EXTRACTED RECORDS section start
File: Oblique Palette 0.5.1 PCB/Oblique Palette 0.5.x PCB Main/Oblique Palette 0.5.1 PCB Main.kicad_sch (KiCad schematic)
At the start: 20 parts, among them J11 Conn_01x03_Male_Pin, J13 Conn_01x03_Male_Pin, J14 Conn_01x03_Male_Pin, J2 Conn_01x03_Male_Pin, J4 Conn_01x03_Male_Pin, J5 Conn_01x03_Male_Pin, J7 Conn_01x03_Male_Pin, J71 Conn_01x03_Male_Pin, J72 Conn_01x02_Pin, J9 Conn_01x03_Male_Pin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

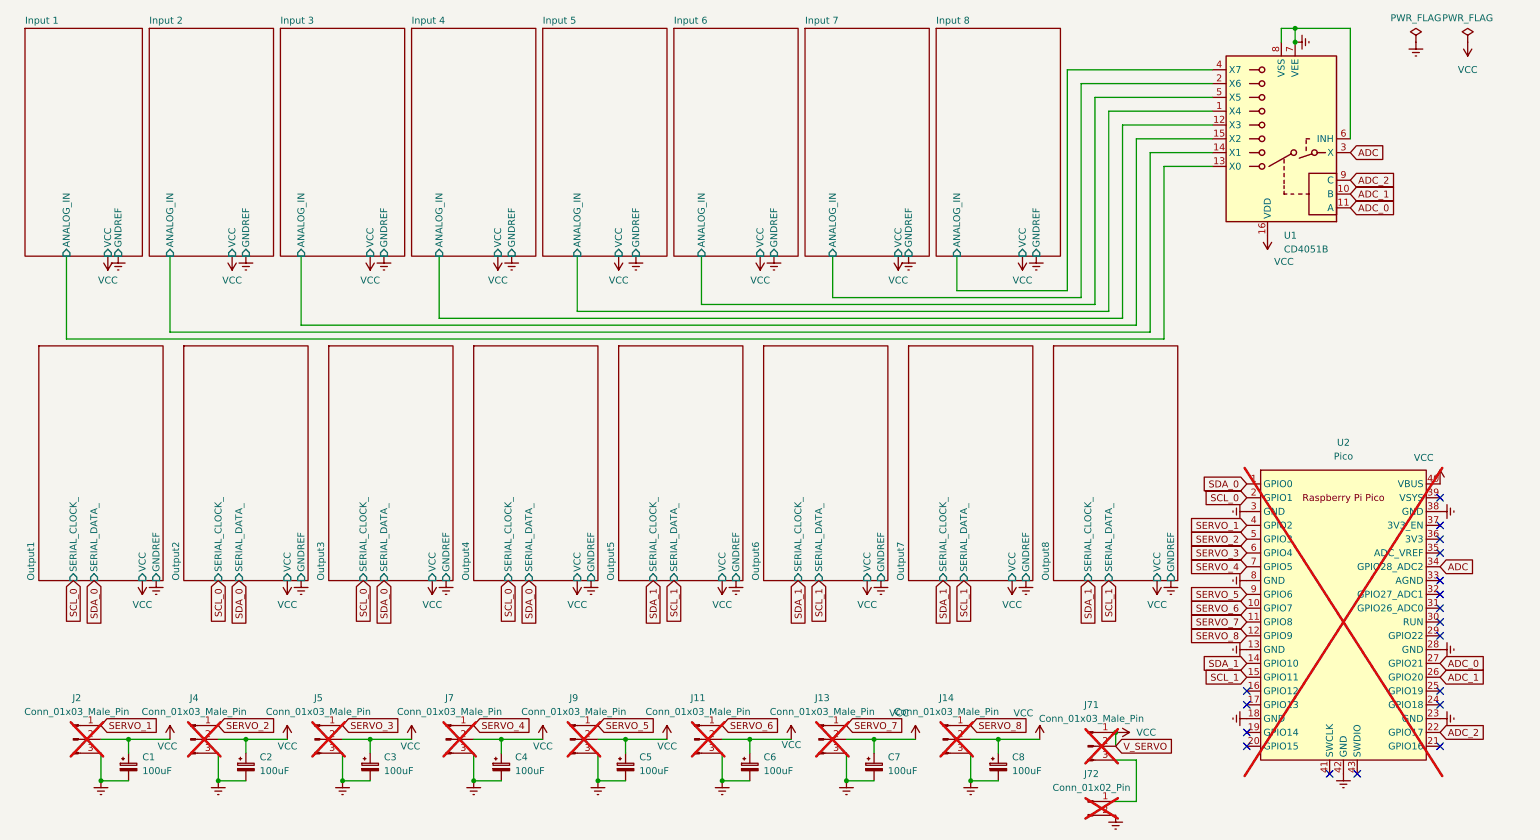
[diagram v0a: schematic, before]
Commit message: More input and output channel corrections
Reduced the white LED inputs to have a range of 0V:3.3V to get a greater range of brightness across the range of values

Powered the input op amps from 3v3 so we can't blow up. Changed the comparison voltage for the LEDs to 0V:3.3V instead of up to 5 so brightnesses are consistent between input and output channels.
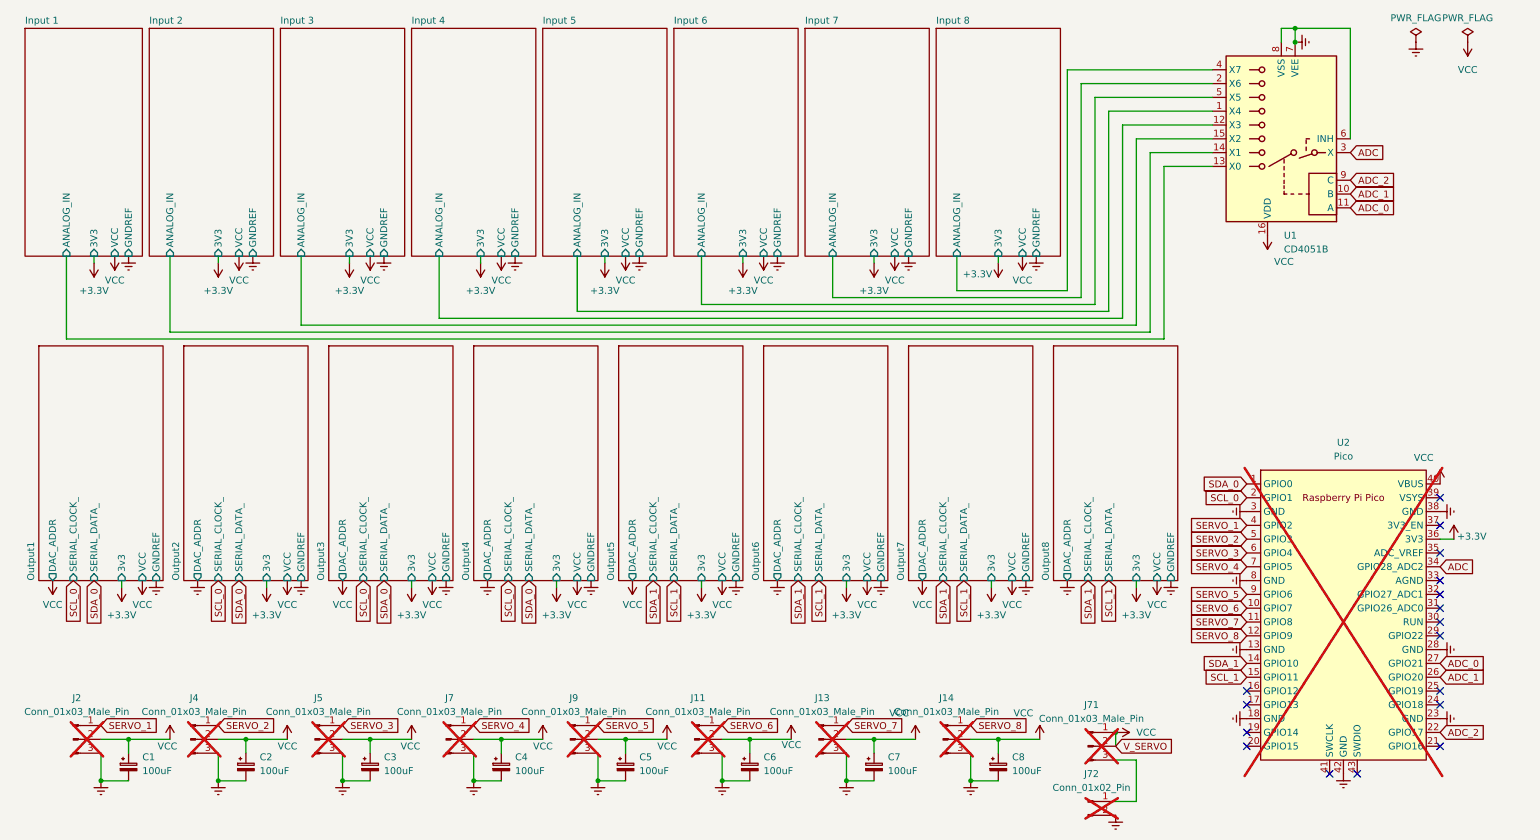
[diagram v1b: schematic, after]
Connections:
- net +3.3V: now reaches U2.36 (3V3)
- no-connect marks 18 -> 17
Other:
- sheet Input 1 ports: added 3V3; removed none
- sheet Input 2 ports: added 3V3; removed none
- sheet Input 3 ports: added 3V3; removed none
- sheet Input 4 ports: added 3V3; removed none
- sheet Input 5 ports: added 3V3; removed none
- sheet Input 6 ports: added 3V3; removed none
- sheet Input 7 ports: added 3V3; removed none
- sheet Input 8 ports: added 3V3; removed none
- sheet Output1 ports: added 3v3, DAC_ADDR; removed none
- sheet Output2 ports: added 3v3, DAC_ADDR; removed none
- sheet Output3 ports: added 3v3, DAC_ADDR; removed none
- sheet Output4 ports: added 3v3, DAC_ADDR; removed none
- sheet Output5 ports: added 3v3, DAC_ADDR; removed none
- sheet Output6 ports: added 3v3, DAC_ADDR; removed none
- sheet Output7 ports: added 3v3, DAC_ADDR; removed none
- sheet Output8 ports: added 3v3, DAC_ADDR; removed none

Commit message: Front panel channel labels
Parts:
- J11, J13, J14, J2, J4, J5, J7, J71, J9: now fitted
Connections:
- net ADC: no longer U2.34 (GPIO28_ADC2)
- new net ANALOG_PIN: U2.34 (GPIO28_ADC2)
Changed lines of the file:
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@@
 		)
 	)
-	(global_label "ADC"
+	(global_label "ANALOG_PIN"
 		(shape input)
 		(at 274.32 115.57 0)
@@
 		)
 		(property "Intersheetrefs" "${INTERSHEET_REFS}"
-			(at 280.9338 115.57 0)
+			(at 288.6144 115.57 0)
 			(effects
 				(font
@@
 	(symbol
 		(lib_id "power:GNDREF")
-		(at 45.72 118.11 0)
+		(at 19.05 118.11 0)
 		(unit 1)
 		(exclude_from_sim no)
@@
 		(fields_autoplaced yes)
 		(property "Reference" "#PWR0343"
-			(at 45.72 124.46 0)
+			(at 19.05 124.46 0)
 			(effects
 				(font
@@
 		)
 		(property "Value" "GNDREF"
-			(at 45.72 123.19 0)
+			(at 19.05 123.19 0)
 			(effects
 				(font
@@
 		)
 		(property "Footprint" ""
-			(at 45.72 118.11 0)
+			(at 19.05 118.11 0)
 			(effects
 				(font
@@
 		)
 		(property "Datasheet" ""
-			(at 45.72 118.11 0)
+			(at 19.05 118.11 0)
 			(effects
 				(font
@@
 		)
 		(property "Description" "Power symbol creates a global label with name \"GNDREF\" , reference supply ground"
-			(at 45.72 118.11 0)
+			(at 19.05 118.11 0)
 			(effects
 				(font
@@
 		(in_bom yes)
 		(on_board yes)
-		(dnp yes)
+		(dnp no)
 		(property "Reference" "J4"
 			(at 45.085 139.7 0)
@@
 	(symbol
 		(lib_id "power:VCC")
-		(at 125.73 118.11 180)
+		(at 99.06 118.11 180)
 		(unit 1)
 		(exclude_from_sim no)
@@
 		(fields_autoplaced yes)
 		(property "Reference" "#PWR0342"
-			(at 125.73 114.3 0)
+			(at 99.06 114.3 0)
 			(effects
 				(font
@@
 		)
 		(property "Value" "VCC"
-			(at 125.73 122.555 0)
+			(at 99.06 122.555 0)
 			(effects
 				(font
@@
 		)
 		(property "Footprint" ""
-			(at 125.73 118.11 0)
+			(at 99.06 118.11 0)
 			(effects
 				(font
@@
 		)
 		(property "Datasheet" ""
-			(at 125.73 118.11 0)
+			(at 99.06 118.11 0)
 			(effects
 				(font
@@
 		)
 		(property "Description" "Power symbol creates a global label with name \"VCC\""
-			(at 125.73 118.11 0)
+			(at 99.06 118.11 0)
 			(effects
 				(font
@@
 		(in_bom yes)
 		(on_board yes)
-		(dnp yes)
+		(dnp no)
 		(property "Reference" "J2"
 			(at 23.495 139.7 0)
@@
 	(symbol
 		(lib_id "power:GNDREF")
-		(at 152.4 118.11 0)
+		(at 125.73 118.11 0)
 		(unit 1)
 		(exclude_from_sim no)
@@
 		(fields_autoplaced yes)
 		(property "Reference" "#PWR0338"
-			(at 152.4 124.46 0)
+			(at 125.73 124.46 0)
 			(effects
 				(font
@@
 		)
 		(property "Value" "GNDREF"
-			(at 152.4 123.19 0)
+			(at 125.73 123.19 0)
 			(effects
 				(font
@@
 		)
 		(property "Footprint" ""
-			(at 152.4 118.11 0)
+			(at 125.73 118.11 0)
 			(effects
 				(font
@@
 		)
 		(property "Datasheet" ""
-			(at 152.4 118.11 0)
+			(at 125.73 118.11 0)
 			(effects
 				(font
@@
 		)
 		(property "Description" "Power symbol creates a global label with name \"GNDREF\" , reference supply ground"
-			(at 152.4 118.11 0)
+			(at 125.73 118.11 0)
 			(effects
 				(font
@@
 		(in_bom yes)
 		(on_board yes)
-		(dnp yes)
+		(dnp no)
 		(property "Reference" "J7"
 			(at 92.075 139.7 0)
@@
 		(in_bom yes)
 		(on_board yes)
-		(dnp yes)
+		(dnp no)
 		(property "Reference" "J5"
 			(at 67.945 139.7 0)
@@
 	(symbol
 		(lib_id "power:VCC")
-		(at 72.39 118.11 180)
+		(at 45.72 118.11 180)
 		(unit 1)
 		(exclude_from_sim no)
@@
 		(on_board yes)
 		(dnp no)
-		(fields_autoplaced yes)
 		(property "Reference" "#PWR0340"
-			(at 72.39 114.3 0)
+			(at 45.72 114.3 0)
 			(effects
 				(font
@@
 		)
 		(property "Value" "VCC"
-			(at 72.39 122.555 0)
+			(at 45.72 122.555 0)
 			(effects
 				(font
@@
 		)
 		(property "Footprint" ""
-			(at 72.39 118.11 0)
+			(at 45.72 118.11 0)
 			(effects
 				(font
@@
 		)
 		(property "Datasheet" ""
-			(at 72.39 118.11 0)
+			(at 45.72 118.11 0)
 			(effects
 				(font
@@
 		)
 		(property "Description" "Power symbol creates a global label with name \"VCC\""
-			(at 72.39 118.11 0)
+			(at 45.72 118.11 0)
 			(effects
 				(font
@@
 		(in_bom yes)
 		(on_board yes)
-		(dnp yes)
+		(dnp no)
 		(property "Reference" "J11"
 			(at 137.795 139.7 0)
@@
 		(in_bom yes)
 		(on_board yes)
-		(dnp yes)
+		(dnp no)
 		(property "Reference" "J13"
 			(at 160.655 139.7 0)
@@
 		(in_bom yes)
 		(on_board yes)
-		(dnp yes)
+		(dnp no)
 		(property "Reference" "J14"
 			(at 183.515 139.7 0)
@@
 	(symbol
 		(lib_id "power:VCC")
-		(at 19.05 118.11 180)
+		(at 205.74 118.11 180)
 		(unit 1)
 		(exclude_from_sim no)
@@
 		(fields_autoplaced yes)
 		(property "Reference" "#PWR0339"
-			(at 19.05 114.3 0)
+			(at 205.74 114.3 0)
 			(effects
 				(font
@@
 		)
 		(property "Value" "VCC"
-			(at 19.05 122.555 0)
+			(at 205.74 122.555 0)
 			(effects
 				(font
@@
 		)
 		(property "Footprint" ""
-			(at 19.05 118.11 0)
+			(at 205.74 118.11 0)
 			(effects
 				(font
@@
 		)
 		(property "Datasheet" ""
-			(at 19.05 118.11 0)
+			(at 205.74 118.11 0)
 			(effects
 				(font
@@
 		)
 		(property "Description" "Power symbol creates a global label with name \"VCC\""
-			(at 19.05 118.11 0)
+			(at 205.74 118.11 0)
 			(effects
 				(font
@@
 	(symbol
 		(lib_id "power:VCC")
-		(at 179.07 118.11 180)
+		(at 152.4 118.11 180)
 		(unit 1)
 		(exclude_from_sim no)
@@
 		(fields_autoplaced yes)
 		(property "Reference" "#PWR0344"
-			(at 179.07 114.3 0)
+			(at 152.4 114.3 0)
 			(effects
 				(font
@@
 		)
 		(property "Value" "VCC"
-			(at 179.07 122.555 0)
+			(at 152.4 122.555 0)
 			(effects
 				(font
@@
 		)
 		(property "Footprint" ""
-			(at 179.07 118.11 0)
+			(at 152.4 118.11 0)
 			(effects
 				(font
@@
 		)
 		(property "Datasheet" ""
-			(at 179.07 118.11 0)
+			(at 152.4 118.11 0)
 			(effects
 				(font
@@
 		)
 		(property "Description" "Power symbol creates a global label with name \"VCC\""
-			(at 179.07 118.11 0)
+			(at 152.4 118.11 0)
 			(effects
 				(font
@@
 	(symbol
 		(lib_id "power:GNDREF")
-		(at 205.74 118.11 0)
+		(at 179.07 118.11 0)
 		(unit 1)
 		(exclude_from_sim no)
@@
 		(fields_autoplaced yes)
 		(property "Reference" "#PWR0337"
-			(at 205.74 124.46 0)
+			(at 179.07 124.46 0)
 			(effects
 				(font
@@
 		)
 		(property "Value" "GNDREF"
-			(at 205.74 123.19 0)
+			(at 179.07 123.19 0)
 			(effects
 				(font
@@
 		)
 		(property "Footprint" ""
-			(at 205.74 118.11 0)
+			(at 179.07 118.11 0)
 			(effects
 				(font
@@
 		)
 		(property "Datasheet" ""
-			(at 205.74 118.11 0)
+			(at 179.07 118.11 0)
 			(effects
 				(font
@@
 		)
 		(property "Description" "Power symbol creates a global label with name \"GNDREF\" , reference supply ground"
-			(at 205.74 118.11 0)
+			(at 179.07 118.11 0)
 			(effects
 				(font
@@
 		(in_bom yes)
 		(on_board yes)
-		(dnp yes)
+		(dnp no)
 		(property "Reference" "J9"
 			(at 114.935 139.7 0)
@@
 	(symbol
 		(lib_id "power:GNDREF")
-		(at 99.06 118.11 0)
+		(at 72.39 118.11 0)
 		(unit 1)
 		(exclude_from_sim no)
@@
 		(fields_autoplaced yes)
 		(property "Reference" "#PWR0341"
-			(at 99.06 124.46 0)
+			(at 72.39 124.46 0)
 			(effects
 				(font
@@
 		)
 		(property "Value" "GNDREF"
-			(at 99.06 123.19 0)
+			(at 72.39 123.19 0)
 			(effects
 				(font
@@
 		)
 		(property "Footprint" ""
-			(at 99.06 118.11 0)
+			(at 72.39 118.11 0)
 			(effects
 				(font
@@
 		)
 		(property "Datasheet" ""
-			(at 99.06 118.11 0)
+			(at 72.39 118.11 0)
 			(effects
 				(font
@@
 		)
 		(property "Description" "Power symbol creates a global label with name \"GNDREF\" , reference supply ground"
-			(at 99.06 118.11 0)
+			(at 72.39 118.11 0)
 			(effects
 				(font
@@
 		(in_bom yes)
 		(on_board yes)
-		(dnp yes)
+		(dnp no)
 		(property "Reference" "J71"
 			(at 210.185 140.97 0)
EXTRACTED RECORDS section end
*TASK OBJECTIVE*: Restate word for word the lines running from the first line of the material to the line containing "- sheet Output7", inclusive, and drop every picture.

*RESPONSE*:
File: Oblique Palette 0.5.1 PCB/Oblique Palette 0.5.x PCB Main/Oblique Palette 0.5.1 PCB Main.kicad_sch (KiCad schematic)
At the start: 20 parts, among them J11 Conn_01x03_Male_Pin, J13 Conn_01x03_Male_Pin, J14 Conn_01x03_Male_Pin, J2 Conn_01x03_Male_Pin, J4 Conn_01x03_Male_Pin, J5 Conn_01x03_Male_Pin, J7 Conn_01x03_Male_Pin, J71 Conn_01x03_Male_Pin, J72 Conn_01x02_Pin, J9 Conn_01x03_Male_Pin

[diagram v0a: schematic, before]
Commit message: More input and output channel corrections
Reduced the white LED inputs to have a range of 0V:3.3V to get a greater range of brightness across the range of values

Powered the input op amps from 3v3 so we can't blow up. Changed the comparison voltage for the LEDs to 0V:3.3V instead of up to 5 so brightnesses are consistent between input and output channels.
[diagram v1b: schematic, after]
Connections:
- net +3.3V: now reaches U2.36 (3V3)
- no-connect marks 18 -> 17
Other:
- sheet Input 1 ports: added 3V3; removed none
- sheet Input 2 ports: added 3V3; removed none
- sheet Input 3 ports: added 3V3; removed none
- sheet Input 4 ports: added 3V3; removed none
- sheet Input 5 ports: added 3V3; removed none
- sheet Input 6 ports: added 3V3; removed none
- sheet Input 7 ports: added 3V3; removed none
- sheet Input 8 ports: added 3V3; removed none
- sheet Output1 ports: added 3v3, DAC_ADDR; removed none
- sheet Output2 ports: added 3v3, DAC_ADDR; removed none
- sheet Output3 ports: added 3v3, DAC_ADDR; removed none
- sheet Output4 ports: added 3v3, DAC_ADDR; removed none
- sheet Output5 ports: added 3v3, DAC_ADDR; removed none
- sheet Output6 ports: added 3v3, DAC_ADDR; removed none
- sheet Output7 ports: added 3v3, DAC_ADDR; removed none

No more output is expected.